[Saved entries]
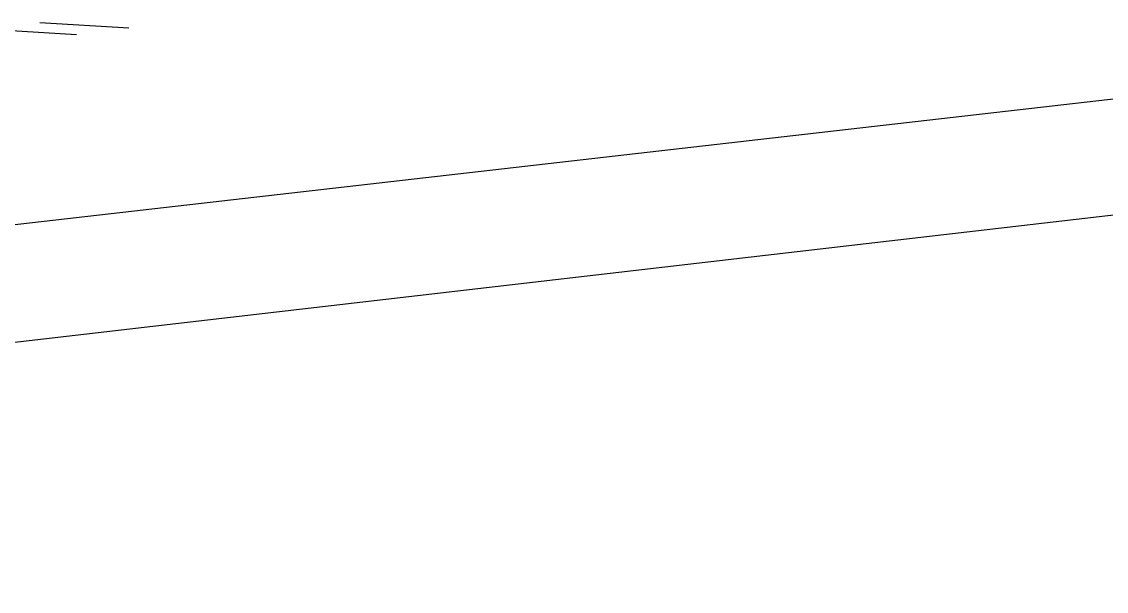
# Model space of a CAD drawing. Extents: x -809667 to 586099, y 3084146 to 3634412.
# Drawn here: x 381903.895 to 381906.554, y 3085670.997 to 3085672.395 of the extents above; entities that cross this region are included whole.
import ezdxf

# ---------------------------------------------------------------- set-up
doc = ezdxf.new("R2010")
doc.units = 0
doc.header["$LTSCALE"] = 0.5
for name, color, linetype in [('dxt', 252, 'CONTINUOUS'), ('文字', 7, 'CONTINUOUS'), ('树木', 94, 'CONTINUOUS'), ('道路', 4, 'CONTINUOUS')]:
    doc.layers.add(name, color=color, linetype=linetype)
doc.linetypes.add('10422', pattern='A,2,[150,AAA.SHX,S=1,R=0,X=0,Y=1],2,[177,AAA.SHX,S=1,R=0,X=0,Y=0.8],1e-09', length=4)

# ---------------------------------------------------------------- blocks, each defined once
blk = doc.blocks.new('03')
at = {"layer": '树木', "color": 0}
for p, q in [((1.2564, 0.0742), (1.1353, -0.1704)), ((1.2131, -0.0808), (1.1168, -0.2753))]:
    blk.add_line(p, q, dxfattribs=at)

msp = doc.modelspace()

# ---------------------------------------------------------------- linework, layer by layer
at = {"layer": 'dxt', "color": 252, "linetype": '10422'}
msp.add_lwpolyline([(381947.6478, 3085678.9321), (381947.9533, 3085676.7166), (381864.9589, 3085667.0962), (381864.4531, 3085668.454)], dxfattribs=at)
at = {"layer": '文字', "color": 3, "linetype": 'Continuous'}
msp.add_line((381989.2197, 3085681.6573, -859.056), (381864.5608, 3085667.3993, -859.056), dxfattribs=at)
at = {"layer": '道路', "linetype": 'Continuous'}
msp.add_open_spline([(381886.8832, 3085672.1498), (381888.8214, 3085671.908), (381892.2035, 3085671.4859), (381895.2928, 3085677.8509), (381904.0475, 3085674.4451), (381906.5001, 3085679.3676), (381907.3935, 3085681.7452)], degree=3, knots=[0, 0, 0, 0, 5.241038, 9.145639, 17.995635, 24.640422, 24.640422, 24.640422, 24.640422], dxfattribs=at)

# ---------------------------------------------------------------- block references
at = {"layer": '树木', "color": 8, "xscale": 0.8, "yscale": 0.8, "zscale": 0.8, "rotation": 292.8030004997092}
msp.add_blockref('03', (381903.7134, 3085673.2819), dxfattribs=at)

doc.saveas('drawing.dxf')

- **Assignment**
Each line of the data in which the string "blocks" appears needs to be copied.

- **Output below**
# ---------------------------------------------------------------- blocks, each defined once
blk = doc.blocks.new('03')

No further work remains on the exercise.